BAKU: Armenian-Turkish Protocols Are Only A Stage Of Resolving Situa


Nov 5 2009

Armenian-Turkish protocols are only one of the stages of resolving
the situation in the South Caucasus, the General Director of the
Information Analytical Center of Moscow State University, Professor
of post-Soviet foreign countries department Alexey Vlasov said.

"There is more multifaceted aspect of this process, where the protocols
play an important, but not a single role, Vlasov told Trend News
by telephone from Moscow. Speaking of protocols, we must understand
that this affects only two countries, but the whole context, which
is linked with it still includes the problem of Nagorno-Karabakh and
the broader aspect of the problem of security in South Caucasus."

Turkish and Armenian foreign ministers Ahmet Davutoglu and Edward
Nalbandian signed the protocols Ankara-Yerevan in Zurich on October
10. Diplomatic relations between Armenia and Turkey have been broken
due to Armenia’s claims of an alleged genocide, and its occupation of
Azerbaijani lands. The border between them has been broken since 1993.

According to Vlasov, for the month since the meeting of the Presidents
of Azerbaijan, Ilham Aliyev and Armenia, Serzh Sargsyan in Chisinau,
all the key players in the region – Russia, the U.S. and the EU
clearly indicated their position.

The latest meeting of Azerbaijani and Armenian Presidents on the
peaceful settlement of the Nagorno-Karabakh conflict was held on Oct.

9 in Chisinau within the CIS summit.

The first moment, denoted by Russia, the U.S. and the EU, is that
the ongoing process of the Armenian-Turkish settlement is a positive
tendency, which should be supported, the expert said.

On the other hand, it does not remove the question of the main
destabilizing factor in the region – the issue of Nagorno-Karabakh,
Vlasov said.

"It seems to me that lately under the influence of the consolidated
position of the outside players, the Armenian government chooses more
restrained rhetoric. Maybe it does not correspond to their actual
view of things, but in the media space the sharp statements by the
Armenian side are becoming less and less," he said.

According to the expert, this indicates that the outside forces,
including the OSCE Minsk Group, understood the tendency that the
establishment of the Armenian-Turkish relations should by followed
by the progress in the Nagorno-Karabakh settlement.

In addition, now Serzh Sargsyan must more consider the interests
of the Armenian population, which unlike the diasporas, occupies a
position "to maintain dialogue with all countries of the region,"
the expert said.

"I think that now Armenia should continue its way.
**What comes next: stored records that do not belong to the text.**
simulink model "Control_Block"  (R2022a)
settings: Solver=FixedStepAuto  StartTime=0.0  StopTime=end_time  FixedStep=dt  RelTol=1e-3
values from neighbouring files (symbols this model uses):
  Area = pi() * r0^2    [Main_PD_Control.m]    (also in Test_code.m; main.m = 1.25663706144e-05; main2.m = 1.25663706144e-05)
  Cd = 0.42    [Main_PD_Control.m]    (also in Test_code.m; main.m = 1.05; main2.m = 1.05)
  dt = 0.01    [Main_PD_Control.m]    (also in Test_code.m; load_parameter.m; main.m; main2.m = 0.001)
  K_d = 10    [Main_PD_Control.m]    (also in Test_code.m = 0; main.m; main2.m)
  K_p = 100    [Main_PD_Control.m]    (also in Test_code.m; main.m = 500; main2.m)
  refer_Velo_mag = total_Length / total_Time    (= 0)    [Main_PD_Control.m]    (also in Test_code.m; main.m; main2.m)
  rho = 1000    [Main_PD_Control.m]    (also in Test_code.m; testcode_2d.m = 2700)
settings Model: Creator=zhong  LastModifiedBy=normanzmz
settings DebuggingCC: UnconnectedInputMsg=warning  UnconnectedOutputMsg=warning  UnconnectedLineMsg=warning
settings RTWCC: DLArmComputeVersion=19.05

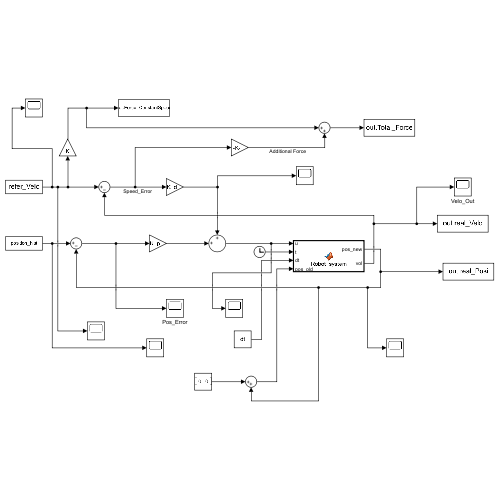
[thumbnail: Simulink's stored preview of the top-level diagram]
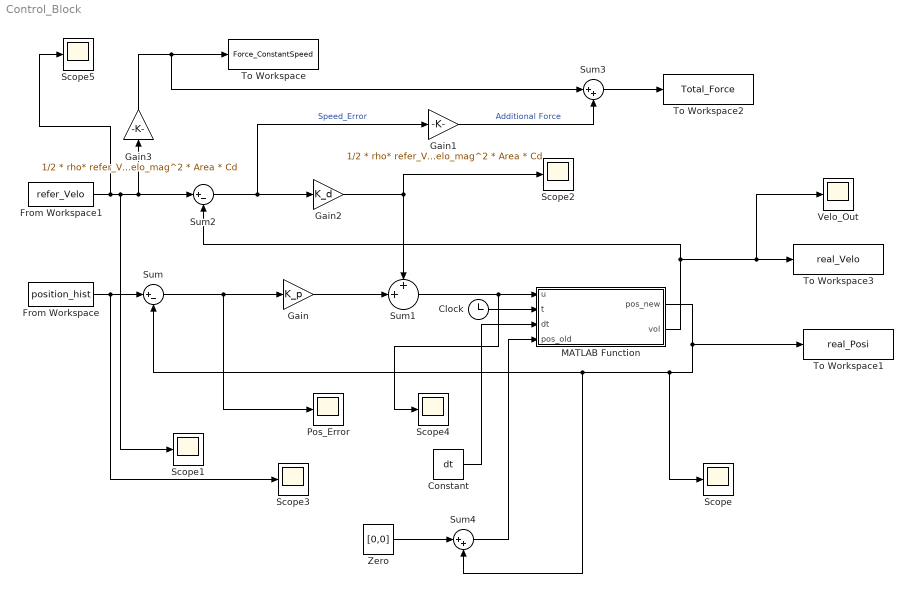
== system Control_Block ==
  Clock : Clock
  Constant : Constant  Value=dt
  From Workspace : FromWorkspace  VariableName=position_hist
  From Workspace1 : FromWorkspace  VariableName=refer_Velo
  Gain : Gain  Gain=K_p
  Gain1 : Gain  Gain=1/2 * rho* refer_Velo_mag^2 * Area * Cd
  Gain2 : Gain  Gain=K_d
  Gain3 : Gain  Gain=1/2 * rho* refer_Velo_mag^2 * Area * Cd
  MATLAB Function : MATLAB Function  TreatAsAtomicUnit=on
  Pos_Error : Scope
  Scope{,1..5} (6 alike) : Scope
  Sum : Sum  Inputs=|+-
  Sum1 : Sum  Inputs=++|
  Sum2 : Sum  Inputs=|+-
  Sum3 : Sum  Inputs=|++
  Sum4 : Sum  Inputs=|++
  To Workspace : ToWorkspace  VariableName=Force_ConstantSpeed  SaveFormat=Timeseries  SampleTime=-1
  To Workspace1 : ToWorkspace  VariableName=real_Posi  SaveFormat=Timeseries  SampleTime=-1
  To Workspace2 : ToWorkspace  VariableName=Total_Force  SaveFormat=Timeseries  SampleTime=-1
  To Workspace3 : ToWorkspace  VariableName=real_Velo  SaveFormat=Timeseries  SampleTime=-1
  Velo_Out : Scope
  Zero : Constant  Value=[0,0]  OutDataTypeStr=Inherit: Inherit via back propagation
  wires:
  From Workspace/1 -> Scope3/1, Sum/1
  Sum/1 -> Pos_Error/1, Gain/1
  Gain/1 -> Sum1/2
  Sum2/1 -> Gain1/1, Gain2/1  "Speed_Error"
  Gain2/1 -> Sum1/1, Scope2/1
  Sum1/1 -> Scope4/1, MATLAB Function/1(u)
  Clock/1 -> MATLAB Function/2(t)
  MATLAB Function/1(pos_new) -> To Workspace1/1, Sum4/2, Sum/2, Scope/1
  MATLAB Function/2(vol) -> Velo_Out/1, To Workspace3/1, Sum2/2
  From Workspace1/1 -> Scope5/1, Scope1/1, Sum2/1, Gain3/1
  Gain3/1 -> Sum3/1, To Workspace/1
  Gain1/1 -> Sum3/2  "Additional Force"
  Sum3/1 -> To Workspace2/1
  Constant/1 -> MATLAB Function/3(dt)
  Zero/1 -> Sum4/1
  Sum4/1 -> MATLAB Function/4(pos_old)

== matlab function Control_Block/MATLAB Function ==
  data: u input; pos_new output; vol output; t input; dt input; pos_old input
function [pos_new,vol] = Robot_system(u,t,dt,pos_old)


disturbance = sin(10*t) * 0;

pos_new = u + disturbance

vol = (pos_new -pos_old)/dt;

Starting
negotiations with Turkey, it should make some consensus on
Nagorno-Karabakh as well," said Vlasov.

According to him, for a long time the Turkish officials have assured
Azerbaijan that they will not do anything contrary to its interests.

"Now it is time when signing protocols between Turkey and Armenia
should lead to advancements in the process of the Nagorno-Karabakh
conflict settlement, or the Turkish political elite does not fulfill
the promises made", – he said.

According to Vlasov, one of the means of moving forward is to release
five Armenian-occupied districts of Azerbaijan.

The conflict between the two South Caucasus countries began in 1988
when Armenia made territorial claims against Azerbaijan. Azerbaijan
lost all of Nagorno-Karabakh except for Shusha and Khojali in December
1991. In 1992-93, Armenian armed forces occupied Shusha, Khojali and 7
districts surrounding Nagorno-Karabakh. Azerbaijan and Armenia signed
a ceasefire in 1994. The co-chairs of the OSCE Minsk Group – Russia,
France, and the U.S. – are currently holding the peace negotiations.